> _Task statement_: The result should be every line in the data below that carries the string "contours".

> _Record excerpts_:
══════════════════════════════

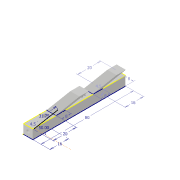
# Autodesk Inventor part: MineralStop1.25x50
Saved by Autodesk Inventor 2018 (Build 220112000, 112)
## iProperties
Created: 2018-12-12
Part Number: MineralStop1.25x50
Material: Generic
Document SubType Name: Modeling
Designer: ball
Density: 1 g/cm^3
Appearance: Default
Author: ball
Autodesk Inventor part; units mm, degrees
ref_plane "YZ Plane" through (0, 0, 0) normal (1, 0, 0) x (0, 1, 0)
ref_plane "XZ Plane" through (0, 0, 0) normal (0, 1, 0) x (-1, 0, 0)
ref_plane "XY Plane" through (0, 0, 0) normal (0, 0, 1) x (1, 0, 0)
sketch "Sketch1" plane through (0, 0, 0) normal (0, 1, 0) x (-1, 0, 0)
  line L0 (0, 0) -> (-8, 0)
  line L1 (-8, 0) -> (-8, -80)
  line L2 (-8, -80) -> (0, -80)
  line L3 (0, -80) -> (0, 0)
  circle A0 centre (-4, -16) radius 2.25
  circle A1 centre (-4, -64) radius 2.25
  dimension "d0" = 8
  dimension "d1" = 80
  dimension "d6" = 4.5
  dimension "d7" = 4.5
  dimension "d26" = 16
  dimension "d27" = 16
  constraints: 8 end point, 2 centre point, 2 parallel, 1 horizontal, 1 perpendicular
  measures "d0" distance of L2.end L1.end
  measures "d1" distance of L1.end L0.end
  measures "d6" diameter of A0
  measures "d7" diameter of A1
  measures "d26" distance from line of L0 A0.centre
  measures "d27" distance from line of L2 A1.centre
extrude "Extrusion1" [suppressed]
extrude "Extrusion2" add sketch "Sketch1" along normal blind 8
sketch "Sketch2" plane through (0, 0, 0) normal (0, 0, 1) x (1, 0, 0)
  circle A0 centre (4, 4) radius 1.35
  point P0 (0, 0)
  dimension "d10" = 2.7
  constraints: 1 centre point
  measures "d10" diameter of A0
hole "Hole1" at (4, 4, 0) direction (0, 0, -1) diameter 2.7 depth 10
sketch "Sketch3" plane through (8, 0, -80) normal (0, 0, -1) x (-1, 0, 0)
  circle A0 centre (4, 4) radius 1.35
  point P0 (8, 0)
  dimension "d18" = 2.7
  constraints: 1 centre point
  measures "d18" diameter of A0
hole "Hole2" at (4, 4, -80) direction (0, 0, 1) diameter 2.7 depth 10
sketch "Sketch5" plane through (0, 0, 0) normal (0, 0, 1) x (1, 0, 0)
  line L0 (9.3659, 8.9784) -> (29.7744, 33.3003)
  line L1 (9.3659, 8.9784) -> (41.1159, 8.9784) construction
  point P0 (0, 0)
  dimension "d33" = 31.75
  dimension "d34" = 50
  constraints: 4 end point, 1 equal length, 1 horizontal
  measures "d33" distance of L0.start L0.end
  measures "d34" angle of L1 L0
sketch "Sketch4" plane through (0, 8, 0) normal (0, 1, 0) x (1, 0, 0)
  line L0 (0, 80) -> (0, 0) projected
  line L1 (8, 0) -> (8, 80) projected
  line L2 (0, 28) -> (8, 28)
  line L3 (8, 28) -> (8, 20)
  line L4 (8, 20) -> (0, 20)
  line L5 (0, 20) -> (0, 28)
  line L6 (0, 0) -> (8, 0) projected
  line L7 (0, 60) -> (8, 60)
  line L8 (8, 60) -> (8, 52)
  line L9 (8, 52) -> (0, 52)
  line L10 (0, 52) -> (0, 60)
  line L11 (8, 80) -> (0, 80) projected
  line L12 (2.6299, 29.4213) -> (2.6299, 50.4758) construction
  line L13 (2.6299, 50.4758) -> (5.8779, 50.4758) construction
  line L14 (5.8779, 50.4758) -> (5.8779, 29.4213) construction
  line L15 (5.8779, 29.4213) -> (2.6299, 29.4213) construction
  line L16 (5.8137, 31.3702) -> (5.8137, 29.8832)
  line L17 (5.8137, 29.8832) -> (5.5025, 29.8832)
  line L18 (5.5025, 29.8832) -> (5.5025, 30.4365)
  line L19 (5.5025, 30.4365) -> (3.4598, 30.4365)
  line L20 (3.4598, 30.4365) -> (3.4598, 29.8832)
  line L21 (3.4598, 29.8832) -> (3.1807, 29.8832)
  spline S0 degree 2 poles (3.1807, 29.8832) (3.1807, 30.1969) (3.0028, 30.4933) (2.7558, 30.5131) knots 0 0 0 1 2 2 2
  line L22 (2.7558, 30.5131) -> (2.7558, 30.8292)
  line L23 (2.7558, 30.8292) -> (5.5025, 30.8292)
  line L24 (5.5025, 30.8292) -> (5.5025, 31.3702)
  line L25 (5.5025, 31.3702) -> (5.8137, 31.3702)
  line L26 (5.8137, 32.5854) -> (5.8137, 32.0964)
  line L27 (5.8137, 32.0964) -> (5.2308, 32.0964)
  line L28 (5.2308, 32.0964) -> (5.2308, 32.5854)
  line L29 (5.2308, 32.5854) -> (5.8137, 32.5854)
  line L30 (5.8137, 35.0801) -> (5.8137, 33.2005)
  line L31 (5.8137, 33.2005) -> (5.3815, 33.2005)
  spline S1 degree 2 poles (5.3815, 33.2005) (5.1913, 33.403) (4.838, 33.7636) (4.6479, 33.9365) knots 0 0 0 1 2 2 2
  spline S2 degree 2 poles (4.6479, 33.9365) (4.265, 34.2848) (3.8056, 34.5392) (3.561, 34.5392) knots 0 0 0 1 2 2 2
  spline S3 degree 2 poles (3.561, 34.5392) (3.4326, 34.5392) (3.2399, 34.4602) (3.1782, 34.3885) knots 0 0 0 1 2 2 2
  spline S4 degree 2 poles (3.1782, 34.3885) (3.1164, 34.3169) (3.0547, 34.1292) (3.0547, 34.0156) knots 0 0 0 1 2 2 2
  spline S5 degree 2 poles (3.0547, 34.0156) (3.0547, 33.9069) (3.109, 33.6846) (3.151, 33.5833) knots 0 0 0 1 2 2 2
  spline S6 degree 2 poles (3.151, 33.5833) (3.1856, 33.4969) (3.2844, 33.3363) (3.319, 33.2869) knots 0 0 0 1 2 2 2
  line L32 (3.319, 33.2869) -> (3.319, 33.2647)
  line L33 (3.319, 33.2647) -> (2.8843, 33.2647)
  spline S7 degree 2 poles (2.8843, 33.2647) (2.8225, 33.3907) (2.7015, 33.8427) (2.7015, 34.0452) knots 0 0 0 1 2 2 2
  spline S8 degree 2 poles (2.7015, 34.0452) (2.7015, 34.4725) (3.1535, 34.9542) (3.5388, 34.9542) knots 0 0 0 1 2 2 2
  spline S9 degree 2 poles (3.5388, 34.9542) (3.7191, 34.9542) (4.0205, 34.8702) (4.1489, 34.7961) knots 0 0 0 1 2 2 2
  spline S10 degree 2 poles (4.1489, 34.7961) (4.2823, 34.722) (4.5441, 34.5071) (4.6701, 34.3885) knots 0 0 0 1 2 2 2
  spline S11 degree 2 poles (4.6701, 34.3885) (4.88, 34.1959) (5.3296, 33.7241) (5.4605, 33.5833) knots 0 0 0 1 2 2 2
  line L34 (5.4605, 33.5833) -> (5.4605, 35.0801)
  line L35 (5.4605, 35.0801) -> (5.8137, 35.0801)
  spline S12 degree 2 poles (4.8455, 37.3353) (5.0653, 37.3353) (5.4407, 37.1945) (5.5791, 37.066) knots 0 0 0 1 2 2 2
  spline S13 degree 2 poles (5.5791, 37.066) (5.7174, 36.9376) (5.8779, 36.5547) (5.8779, 36.3176) knots 0 0 0 1 2 2 2
  spline S14 degree 2 poles (5.8779, 36.3176) (5.8779, 36.1003) (5.7816, 35.6754) (5.705, 35.5198) knots 0 0 0 1 2 2 2
  line L36 (5.705, 35.5198) -> (5.2728, 35.5198)
  line L37 (5.2728, 35.5198) -> (5.2728, 35.5494)
  spline S15 degree 2 poles (5.2728, 35.5494) (5.3074, 35.5964) (5.3963, 35.7717) (5.4358, 35.878) knots 0 0 0 1 2 2 2
  spline S16 degree 2 poles (5.4358, 35.878) (5.4778, 35.999) (5.5247, 36.1991) (5.5247, 36.325) knots 0 0 0 1 2 2 2
  spline S17 degree 2 poles (5.5247, 36.325) (5.5247, 36.4485) (5.4358, 36.6807) (5.3395, 36.7647) knots 0 0 0 1 2 2 2
  spline S18 degree 2 poles (5.3395, 36.7647) (5.2481, 36.8413) (5.006, 36.9203) (4.843, 36.9203) knots 0 0 0 1 2 2 2
  spline S19 degree 2 poles (4.843, 36.9203) (4.68, 36.9203) (4.4725, 36.8314) (4.4033, 36.7474) knots 0 0 0 1 2 2 2
  spline S20 degree 2 poles (4.4033, 36.7474) (4.3268, 36.661) (4.2625, 36.4041) (4.2625, 36.2485) knots 0 0 0 1 2 2 2
  spline S21 degree 2 poles (4.2625, 36.2485) (4.2625, 36.0805) (4.3144, 35.747) (4.3366, 35.6458) knots 0 0 0 1 2 2 2
  line L38 (4.3366, 35.6458) -> (2.7657, 35.6458)
  line L39 (2.7657, 35.6458) -> (2.7657, 37.318)
  line L40 (2.7657, 37.318) -> (3.1239, 37.318)
  line L41 (3.1239, 37.318) -> (3.1239, 36.0385)
  line L42 (3.1239, 36.0385) -> (3.9365, 36.0385)
  spline S22 degree 2 poles (3.9365, 36.0385) (3.9266, 36.1126) (3.9192, 36.2559) (3.9192, 36.3152) knots 0 0 0 1 2 2 2
  spline S23 degree 2 poles (3.9192, 36.3152) (3.9192, 36.5498) (3.9958, 36.8734) (4.1094, 37.0216) knots 0 0 0 1 2 2 2
  spline S24 degree 2 poles (4.1094, 37.0216) (4.223, 37.1722) (4.5688, 37.3353) (4.8455, 37.3353) knots 0 0 0 1 2 2 2
  line L43 (2.6299, 38.2319) -> (3.8155, 38.143)
  line L44 (3.8155, 38.143) -> (3.8155, 37.8737)
  line L45 (3.8155, 37.8737) -> (2.6299, 37.7848)
  line L46 (2.6299, 37.7848) -> (2.6299, 38.2319)
  line L47 (2.6299, 39.0025) -> (3.8155, 38.9136)
  line L48 (3.8155, 38.9136) -> (3.8155, 38.6444)
  line L49 (3.8155, 38.6444) -> (2.6299, 38.5555)
  line L50 (2.6299, 38.5555) -> (2.6299, 39.0025)
  line L51 (5.8137, 42.5989) -> (5.8137, 42.1271)
  line L52 (5.8137, 42.1271) -> (4.9541, 41.5713)
  line L53 (4.9541, 41.5713) -> (5.8137, 41.0008)
  line L54 (5.8137, 41.0008) -> (5.8137, 40.5636)
  line L55 (5.8137, 40.5636) -> (4.68, 41.3565)
  line L56 (4.68, 41.3565) -> (3.5265, 40.571)
  line L57 (3.5265, 40.571) -> (3.5265, 41.0428)
  line L58 (3.5265, 41.0428) -> (4.3786, 41.596)
  line L59 (4.3786, 41.596) -> (3.5265, 42.1617)
  line L60 (3.5265, 42.1617) -> (3.5265, 42.5989)
  line L61 (3.5265, 42.5989) -> (4.6553, 41.8109)
  line L62 (4.6553, 41.8109) -> (5.8137, 42.5989)
  spline S25 degree 2 poles (4.8455, 45.9976) (5.0653, 45.9976) (5.4407, 45.8568) (5.5791, 45.7284) knots 0 0 0 1 2 2 2
  spline S26 degree 2 poles (5.5791, 45.7284) (5.7174, 45.5999) (5.8779, 45.2171) (5.8779, 44.98) knots 0 0 0 1 2 2 2
  spline S27 degree 2 poles (5.8779, 44.98) (5.8779, 44.7626) (5.7816, 44.3378) (5.705, 44.1822) knots 0 0 0 1 2 2 2
  line L63 (5.705, 44.1822) -> (5.2728, 44.1822)
  line L64 (5.2728, 44.1822) -> (5.2728, 44.2118)
  spline S28 degree 2 poles (5.2728, 44.2118) (5.3074, 44.2587) (5.3963, 44.4341) (5.4358, 44.5403) knots 0 0 0 1 2 2 2
  spline S29 degree 2 poles (5.4358, 44.5403) (5.4778, 44.6613) (5.5247, 44.8614) (5.5247, 44.9874) knots 0 0 0 1 2 2 2
  spline S30 degree 2 poles (5.5247, 44.9874) (5.5247, 45.1109) (5.4358, 45.3431) (5.3395, 45.427) knots 0 0 0 1 2 2 2
  spline S31 degree 2 poles (5.3395, 45.427) (5.2481, 45.5036) (5.006, 45.5827) (4.843, 45.5827) knots 0 0 0 1 2 2 2
  spline S32 degree 2 poles (4.843, 45.5827) (4.68, 45.5827) (4.4725, 45.4937) (4.4033, 45.4098) knots 0 0 0 1 2 2 2
  spline S33 degree 2 poles (4.4033, 45.4098) (4.3268, 45.3233) (4.2625, 45.0664) (4.2625, 44.9108) knots 0 0 0 1 2 2 2
  spline S34 degree 2 poles (4.2625, 44.9108) (4.2625, 44.7428) (4.3144, 44.4094) (4.3366, 44.3081) knots 0 0 0 1 2 2 2
  line L65 (4.3366, 44.3081) -> (2.7657, 44.3081)
  line L66 (2.7657, 44.3081) -> (2.7657, 45.9803)
  line L67 (2.7657, 45.9803) -> (3.1239, 45.9803)
  line L68 (3.1239, 45.9803) -> (3.1239, 44.7009)
  line L69 (3.1239, 44.7009) -> (3.9365, 44.7009)
  spline S35 degree 2 poles (3.9365, 44.7009) (3.9266, 44.775) (3.9192, 44.9182) (3.9192, 44.9775) knots 0 0 0 1 2 2 2
  spline S36 degree 2 poles (3.9192, 44.9775) (3.9192, 45.2121) (3.9958, 45.5357) (4.1094, 45.6839) knots 0 0 0 1 2 2 2
  spline S37 degree 2 poles (4.1094, 45.6839) (4.223, 45.8346) (4.5688, 45.9976) (4.8455, 45.9976) knots 0 0 0 1 2 2 2
  spline S38 degree 2 poles (4.2897, 48.3342) (5.1097, 48.3342) (5.8779, 47.8575) (5.8779, 47.3611) knots 0 0 0 1 2 2 2
  spline S39 degree 2 poles (5.8779, 47.3611) (5.8779, 46.8572) (5.0949, 46.3854) (4.2922, 46.3854) knots 0 0 0 1 2 2 2
  spline S40 degree 2 poles (4.2922, 46.3854) (3.4672, 46.3854) (2.704, 46.8621) (2.704, 47.3611) knots 0 0 0 1 2 2 2
  spline S41 degree 2 poles (2.704, 47.3611) (2.704, 47.8625) (3.4944, 48.3342) (4.2897, 48.3342) knots 0 0 0 1 2 2 2
  spline S42 degree 2 poles (5.2184, 47.8106) (5.0678, 47.8699) (4.6034, 47.9193) (4.2897, 47.9193) knots 0 0 0 1 2 2 2
  spline S43 degree 2 poles (4.2897, 47.9193) (3.976, 47.9193) (3.5141, 47.8699) (3.3585, 47.8081) knots 0 0 0 1 2 2 2
  spline S44 degree 2 poles (3.3585, 47.8081) (3.2029, 47.7464) (3.0423, 47.5315) (3.0423, 47.3611) knots 0 0 0 1 2 2 2
  spline S45 degree 2 poles (3.0423, 47.3611) (3.0423, 47.1906) (3.2029, 46.9708) (3.3634, 46.9066) knots 0 0 0 1 2 2 2
  spline S46 degree 2 poles (3.3634, 46.9066) (3.5191, 46.8448) (3.9933, 46.8004) (4.2922, 46.8004) knots 0 0 0 1 2 2 2
  spline S47 degree 2 poles (4.2922, 46.8004) (4.6133, 46.8004) (5.0431, 46.8399) (5.211, 46.9041) knots 0 0 0 1 2 2 2
  spline S48 degree 2 poles (5.211, 46.9041) (5.3691, 46.9634) (5.5395, 47.1832) (5.5395, 47.3611) knots 0 0 0 1 2 2 2
  spline S49 degree 2 poles (5.5395, 47.3611) (5.5395, 47.529) (5.379, 47.7489) (5.2184, 47.8106) knots 0 0 0 1 2 2 2
  spline S50 degree 2 poles (3.4919, 50.2683) (3.8204, 50.2683) (4.2699, 49.8187) (4.2699, 49.4902) knots 0 0 0 1 2 2 2
  spline S51 degree 2 poles (4.2699, 49.4902) (4.2699, 49.1642) (3.8229, 48.7097) (3.4919, 48.7097) knots 0 0 0 1 2 2 2
  spline S52 degree 2 poles (3.4919, 48.7097) (3.1634, 48.7097) (2.7138, 49.1592) (2.7138, 49.4902) knots 0 0 0 1 2 2 2
  spline S53 degree 2 poles (2.7138, 49.4902) (2.7138, 49.8187) (3.1634, 50.2683) (3.4919, 50.2683) knots 0 0 0 1 2 2 2
  spline S54 degree 2 poles (3.4919, 49.9472) (3.2943, 49.9472) (3.0251, 49.6853) (3.0251, 49.4902) knots 0 0 0 1 2 2 2
  spline S55 degree 2 poles (3.0251, 49.4902) (3.0251, 49.2926) (3.2943, 49.0308) (3.4919, 49.0308) knots 0 0 0 1 2 2 2
  spline S56 degree 2 poles (3.4919, 49.0308) (3.692, 49.0308) (3.9587, 49.2976) (3.9587, 49.4902) knots 0 0 0 1 2 2 2
  spline S57 degree 2 poles (3.9587, 49.4902) (3.9587, 49.6853) (3.687, 49.9472) (3.4919, 49.9472) knots 0 0 0 1 2 2 2
  dimension "d28" = 8
  dimension "d29" = 20
  dimension "d30" = 8
  dimension "d31" = 20
  constraints: 16 end point, 4 parallel, 4 point on line, 2 horizontal, 2 perpendicular, 2 other
  measures "d28" distance of L2.end L3.end
  measures "d29" distance between parallel lines of L6 L4
  measures "d30" distance of L7.end L8.end
  measures "d31" distance between parallel lines of L11 L7
sweep "Sweep1" add profiles "Sketch4" path "Sketch5" contours L2 L1 L4 L0
sweep "Sweep2" add profiles "Sketch4" path "Sketch5" contours L7 L1 L9 L0
emboss "Emboss1" sketch "Sketch4" operation add depth 1 direction (0, -1, 0) contours L16 L17 L18 L19 L20 L21 S0 L22 L23 L24 L25 | L26 L27 L28 L29 | L30 L31 S1 S2 S3 S4 S5 S6 L32 L33 S7 S8 S9 S10 S11 L34 L35 | S12 S13 S14 L36 L37 S15 S16 S17 S18 S19 S20 S21 L38 L39 L40 L41 L42 S22 S23 S24 | L43 L44 L45 L46 | L47 L48 L49 L50 | L51 L52 L53 L54 L55 L56 L57 L58 L59 L60 L61 L62 | S25 S26 S27 L63 L64 S28 S29 S30 S31 S32 S33 S34 L65 L66 L67 L68 L69 S35 S36 S37 | S38 S39 S40 S41 | S50 S51 S52 S53
body "Solid1"

══════════════════════════════

> _Result below_:
sweep "Sweep1" add profiles "Sketch4" path "Sketch5" contours L2 L1 L4 L0
sweep "Sweep2" add profiles "Sketch4" path "Sketch5" contours L7 L1 L9 L0
emboss "Emboss1" sketch "Sketch4" operation add depth 1 direction (0, -1, 0) contours L16 L17 L18 L19 L20 L21 S0 L22 L23 L24 L25 | L26 L27 L28 L29 | L30 L31 S1 S2 S3 S4 S5 S6 L32 L33 S7 S8 S9 S10 S11 L34 L35 | S12 S13 S14 L36 L37 S15 S16 S17 S18 S19 S20 S21 L38 L39 L40 L41 L42 S22 S23 S24 | L43 L44 L45 L46 | L47 L48 L49 L50 | L51 L52 L53 L54 L55 L56 L57 L58 L59 L60 L61 L62 | S25 S26 S27 L63 L64 S28 S29 S30 S31 S32 S33 S34 L65 L66 L67 L68 L69 S35 S36 S37 | S38 S39 S40 S41 | S50 S51 S52 S53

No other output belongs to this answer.